Stanford junior Lauren Sweet decided to study pre-med after her 2006 camp experience.

“That was the first time that I learned hair looked different under a microscope and that was really cool,” Lauren said.

Marie started the first Tech Trek Camp at Stanford University in 1998.

Today there are also camps on seven other California college campuses, and in seven other states.

“I want them to come away with self confidence that they can do anything they set their mind to, Marie said. “And with a love of science even if they don’t all become scientists.”

Stanford graduate Ellen Le, who works at a startup, says Tech Trek empowered her to major in chemical engineering.

“It was so incredible to see role models and feel so much warmth from people believing in me and not making me feel weird for liking this so much,” said Ellen.

Tech Trek teacher Nancy Fohner credits Marie’s leadership for the camp’s success.

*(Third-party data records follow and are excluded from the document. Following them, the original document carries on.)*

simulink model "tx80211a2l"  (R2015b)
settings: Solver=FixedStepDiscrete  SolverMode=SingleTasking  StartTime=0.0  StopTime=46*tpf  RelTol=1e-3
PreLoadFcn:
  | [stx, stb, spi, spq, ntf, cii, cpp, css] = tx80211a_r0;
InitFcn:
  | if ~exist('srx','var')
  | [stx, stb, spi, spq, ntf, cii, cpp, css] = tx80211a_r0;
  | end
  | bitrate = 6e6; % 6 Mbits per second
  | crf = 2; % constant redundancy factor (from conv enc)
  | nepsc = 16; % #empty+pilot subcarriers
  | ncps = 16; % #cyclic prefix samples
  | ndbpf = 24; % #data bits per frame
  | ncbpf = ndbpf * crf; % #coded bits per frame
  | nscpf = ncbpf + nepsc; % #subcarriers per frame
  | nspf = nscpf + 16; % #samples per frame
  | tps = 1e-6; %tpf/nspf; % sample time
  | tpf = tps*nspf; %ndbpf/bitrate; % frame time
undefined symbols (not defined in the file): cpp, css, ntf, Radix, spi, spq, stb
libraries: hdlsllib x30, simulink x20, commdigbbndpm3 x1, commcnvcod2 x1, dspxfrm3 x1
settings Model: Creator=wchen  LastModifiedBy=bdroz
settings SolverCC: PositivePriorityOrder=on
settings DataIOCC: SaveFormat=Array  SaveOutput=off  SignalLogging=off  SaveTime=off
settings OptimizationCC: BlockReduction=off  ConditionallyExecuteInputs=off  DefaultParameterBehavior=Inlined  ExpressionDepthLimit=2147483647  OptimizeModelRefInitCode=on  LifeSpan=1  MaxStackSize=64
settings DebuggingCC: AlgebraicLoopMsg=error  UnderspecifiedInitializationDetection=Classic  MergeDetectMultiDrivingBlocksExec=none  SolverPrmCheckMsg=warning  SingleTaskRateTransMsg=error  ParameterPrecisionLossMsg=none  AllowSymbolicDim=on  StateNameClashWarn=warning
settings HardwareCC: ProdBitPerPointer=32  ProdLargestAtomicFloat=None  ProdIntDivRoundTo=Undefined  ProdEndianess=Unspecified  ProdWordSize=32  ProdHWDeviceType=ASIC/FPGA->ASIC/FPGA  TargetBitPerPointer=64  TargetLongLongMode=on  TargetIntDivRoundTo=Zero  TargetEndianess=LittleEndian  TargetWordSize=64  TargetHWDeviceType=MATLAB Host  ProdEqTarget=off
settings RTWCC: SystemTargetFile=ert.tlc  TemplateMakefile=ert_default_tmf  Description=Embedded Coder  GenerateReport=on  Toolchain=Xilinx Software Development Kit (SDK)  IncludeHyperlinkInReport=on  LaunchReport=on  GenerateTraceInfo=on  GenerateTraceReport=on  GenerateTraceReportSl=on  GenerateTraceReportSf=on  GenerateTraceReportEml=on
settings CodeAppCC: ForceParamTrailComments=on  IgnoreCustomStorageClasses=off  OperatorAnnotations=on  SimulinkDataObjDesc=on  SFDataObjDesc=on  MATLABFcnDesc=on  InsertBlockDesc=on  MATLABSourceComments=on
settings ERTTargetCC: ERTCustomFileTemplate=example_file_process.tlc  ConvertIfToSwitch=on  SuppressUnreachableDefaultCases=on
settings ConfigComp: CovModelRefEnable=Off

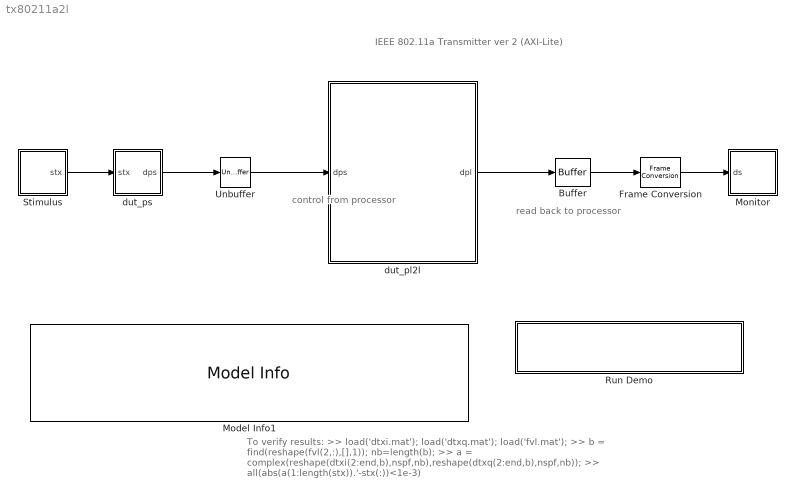
== system tx80211a2l ==
  note: control from
      | processor
  note: IEEE 802.11a Transmitter ver 2 (AXI-Lite)
  note: read back to
      | processor
  note: To verify results:
      | >> load('dtxi.mat'); load('dtxq.mat'); load('fvl.mat');
      | >> b = find(reshape(fvl(2,:),[],1)); nb=length(b);
      | >> a = complex(reshape(dtxi(2:end,b),nspf,nb),reshape(dtxq(2:end,b),nspf,nb));
      | >> all(abs(a(1:length(stx)).'-stx(:))<1e-3)
  Buffer : Buffer  N=80  TreatMby1Signals=One channel  OutputFrames=off
  Frame Conversion : FrameConversion  InheritSamplingMode=off  OutFrame=Sample-based
  Model Info1 : simulink/Model-Wide Utilities/Model Info  Frame=on  DisplayStringWithTags=|  HorizontalTextAlignment=Left  LeftAlignmentValue=0.02  SourceBlockDiagram=tx80211a2l  TagMaxNumber=20
      | This example shows how to use HDL Workflow Advisor to 
      | generate a custom IP core for Zynq SoC evaluation board.
      | 
      | In MATLAB, type the following:
      |   hdladvisor('tx80211a2l/dut_pl2l')
  Monitor : Subsystem
  Run Demo : Subsystem
      settings: OpenFcn=hdladvisor([bdroot, '/led_counter'])
      mask Display: disp('Launch HDL Workflow Advisor')
  Stimulus : Subsystem
  Unbuffer : Unbuffer  SampleBasedProcessing=Same as frame based
  dut_pl2l : Subsystem  TreatAsAtomicUnit=on
  dut_ps : Subsystem
  wires:
  Buffer/1 -> Frame Conversion/1
  dut_pl2l/1(dpl) -> Buffer/1
  Stimulus/1(stx) -> dut_ps/1(stx)
  dut_ps/1(dps) -> Unbuffer/1
  Unbuffer/1 -> dut_pl2l/1(dps)
  Frame Conversion/1 -> Monitor/1(ds)

== system tx80211a2l/Monitor ==
  ds : Inport
  Compare To Constant : simulink/Logic and Bit Operations/Compare To Constant  relop=>  const=uint16(0)  OutDataTypeStr=boolean
  Counter Free-Running : simulink/Sources/Counter Free-Running  NumBits=16  tsamp=tpf
  Unpack_int32_into_fix16c1b : Subsystem
  write_srb_to_file : Subsystem
  wires:
  Compare To Constant/1 -> write_srb_to_file/Enable
  Counter Free-Running/1 -> Compare To Constant/1
  ds/1 -> Unpack_int32_into_fix16c1b/1(di32)
  Unpack_int32_into_fix16c1b/2(fvd) -> write_srb_to_file/2(fvl)
  Unpack_int32_into_fix16c1b/1(dts) -> write_srb_to_file/1(srb)

== system tx80211a2l/Run Demo ==

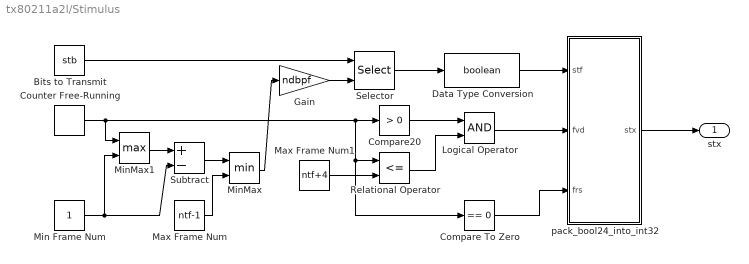
== system tx80211a2l/Stimulus ==
  Bits to Transmit : Constant  Value=stb  SampleTime=tpf
  Compare To Zero : simulink/Logic and Bit Operations/Compare To Zero  relop===  OutDataTypeStr=boolean
  Compare20 : simulink/Logic and Bit Operations/Compare To Zero  relop=>  OutDataTypeStr=boolean
  Counter Free-Running : simulink/Sources/Counter Free-Running  NumBits=16  tsamp=tpf
  Data Type Conversion : DataTypeConversion  OutDataTypeStr=boolean
  Gain : Gain  Gain=ndbpf  OutDataTypeStr=uint16
  Logical Operator : Logic  AllPortsSameDT=off  OutDataTypeStr=boolean
  Max Frame Num : Constant  Value=ntf-1  OutDataTypeStr=uint16  SampleTime=tpf
  Max Frame Num1 : Constant  Value=ntf+4  OutDataTypeStr=uint16  SampleTime=tpf
  Min Frame Num : Constant  OutDataTypeStr=uint16  SampleTime=tpf
  MinMax : MinMax  Inputs=2  OutDataTypeStr=uint16
  MinMax1 : MinMax  Function=max  Inputs=2
  Relational Operator : RelationalOperator  Operator=<=  OutDataTypeStr=boolean
  Selector : Selector  IndexMode=Zero-based  InputPortWidth=864  IndexOptions=Starting index (port)  Indices=[1 3]  OutputSizes=24
  Subtract : Sum  Inputs=+-  OutDataTypeStr=uint16
  pack_bool24_into_int32 : Subsystem
  stx : Outport
  wires:
  Compare To Zero/1 -> pack_bool24_into_int32/3(frs)
  MinMax1/1 -> Subtract/1
  Subtract/1 -> MinMax/1
  Min Frame Num/1 -> MinMax1/2, Subtract/2
  pack_bool24_into_int32/1(stx) -> stx/1
  Data Type Conversion/1 -> pack_bool24_into_int32/1(stf)
  Selector/1 -> Data Type Conversion/1
  Gain/1 -> Selector/2
  Bits to Transmit/1 -> Selector/1
  MinMax/1 -> Gain/1
  Max Frame Num/1 -> MinMax/2
  Counter Free-Running/1 -> Compare20/1, Relational Operator/1, Compare To Zero/1, MinMax1/1
  Compare20/1 -> Logical Operator/1
  Relational Operator/1 -> Logical Operator/2
  Logical Operator/1 -> pack_bool24_into_int32/2(fvd)
  Max Frame Num1/1 -> Relational Operator/2

== system tx80211a2l/dut_pl2l ==
  dps : Inport
  Preamble Switch : Subsystem  TreatAsAtomicUnit=on
  Unpack_int32_into_fix16c2b : Subsystem
  pack_fpt16c1b_into_int32 : Subsystem
  dpl : Outport
  wires:
  dps/1 -> Unpack_int32_into_fix16c2b/1(di32)
  Unpack_int32_into_fix16c2b/1(dts) -> Preamble Switch/1(s8s)
  Unpack_int32_into_fix16c2b/2(fvd) -> Preamble Switch/2(f8v)
  Preamble Switch/1(s9s) -> pack_fpt16c1b_into_int32/1(dtf16c)
  pack_fpt16c1b_into_int32/1(dti32) -> dpl/1
  Preamble Switch/2(f9v) -> pack_fpt16c1b_into_int32/2(fvd)
  Unpack_int32_into_fix16c2b/3(frs) -> Preamble Switch/3(frs)

== system tx80211a2l/dut_ps ==
  stx : Inport
  Logical AND : Logic  IconShape=distinctive  AllPortsSameDT=off  OutDataTypeStr=boolean
  pack_fpt16c_into_int32 : Subsystem
  prepare_frame_ps : Subsystem  TreatAsAtomicUnit=on
  unpack_int32_into_bool24 : Subsystem
  dps : Outport
  wires:
  stx/1 -> unpack_int32_into_bool24/1(di32)
  unpack_int32_into_bool24/3(frs) -> pack_fpt16c_into_int32/3(frs), prepare_frame_ps/2(frs)
  unpack_int32_into_bool24/1(stx) -> prepare_frame_ps/1(stb)
  unpack_int32_into_bool24/2(fvd) -> Logical AND/2, prepare_frame_ps/Enable
  prepare_frame_ps/2(fvo) -> Logical AND/1
  prepare_frame_ps/1(dts) -> pack_fpt16c_into_int32/1(dtf16c)
  Logical AND/1 -> pack_fpt16c_into_int32/2(fvd)
  pack_fpt16c_into_int32/1(dti32) -> dps/1

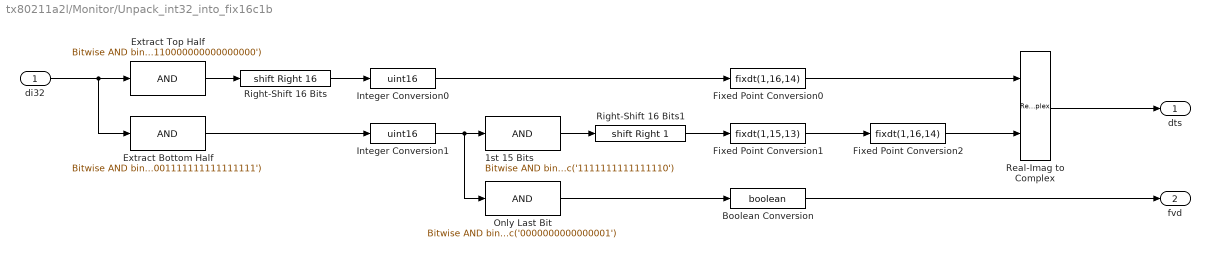
== system tx80211a2l/Monitor/Unpack_int32_into_fix16c1b ==
  di32 : Inport
  1st 15 Bits : simulink/Logic and Bit Operations/Bitwise Operator  logicop=AND  UseBitMask=on  BitMask=bin2dec('1111111111111110')  BitMaskRealWorld=Stored Integer
  Boolean Conversion : DataTypeConversion  OutDataTypeStr=boolean  ConvertRealWorld=Stored Integer (SI)
  Extract Bottom Half : simulink/Logic and Bit Operations/Bitwise Operator  logicop=AND  UseBitMask=on  BitMask=bin2dec('00000000000000001111111111111111')  BitMaskRealWorld=Stored Integer
  Extract Top Half : simulink/Logic and Bit Operations/Bitwise Operator  logicop=AND  UseBitMask=on  BitMask=bin2dec('11111111111111110000000000000000')  BitMaskRealWorld=Stored Integer
  Fixed Point Conversion0 : DataTypeConversion  OutDataTypeStr=fixdt(1,16,14)  ConvertRealWorld=Stored Integer (SI)
      settings: AttributesFormatString=%<OutDataTypeStr>
  Fixed Point Conversion1 : DataTypeConversion  OutDataTypeStr=fixdt(1,15,13)  ConvertRealWorld=Stored Integer (SI)
      settings: AttributesFormatString=%<OutDataTypeStr>
  Fixed Point Conversion2 : DataTypeConversion  OutDataTypeStr=fixdt(1,16,14)
      settings: AttributesFormatString=%<OutDataTypeStr>
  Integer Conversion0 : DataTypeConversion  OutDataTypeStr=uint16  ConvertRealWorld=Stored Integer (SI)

“She knew what to do,” said Nancy. “She know how to get organized, she know how to phone, what had to be done, what to order.”

Marie says surveys show Tech Trek graduates are breaking barriers in the STEM fields of science, technology, engineering and math.

“96-point something were in college and 54 percent were STEM majors,” Marie said.

So for opening girls’ eyes to science and math careers, this week’s Jefferson Award in the Bay Area goes to Marie Wolbach.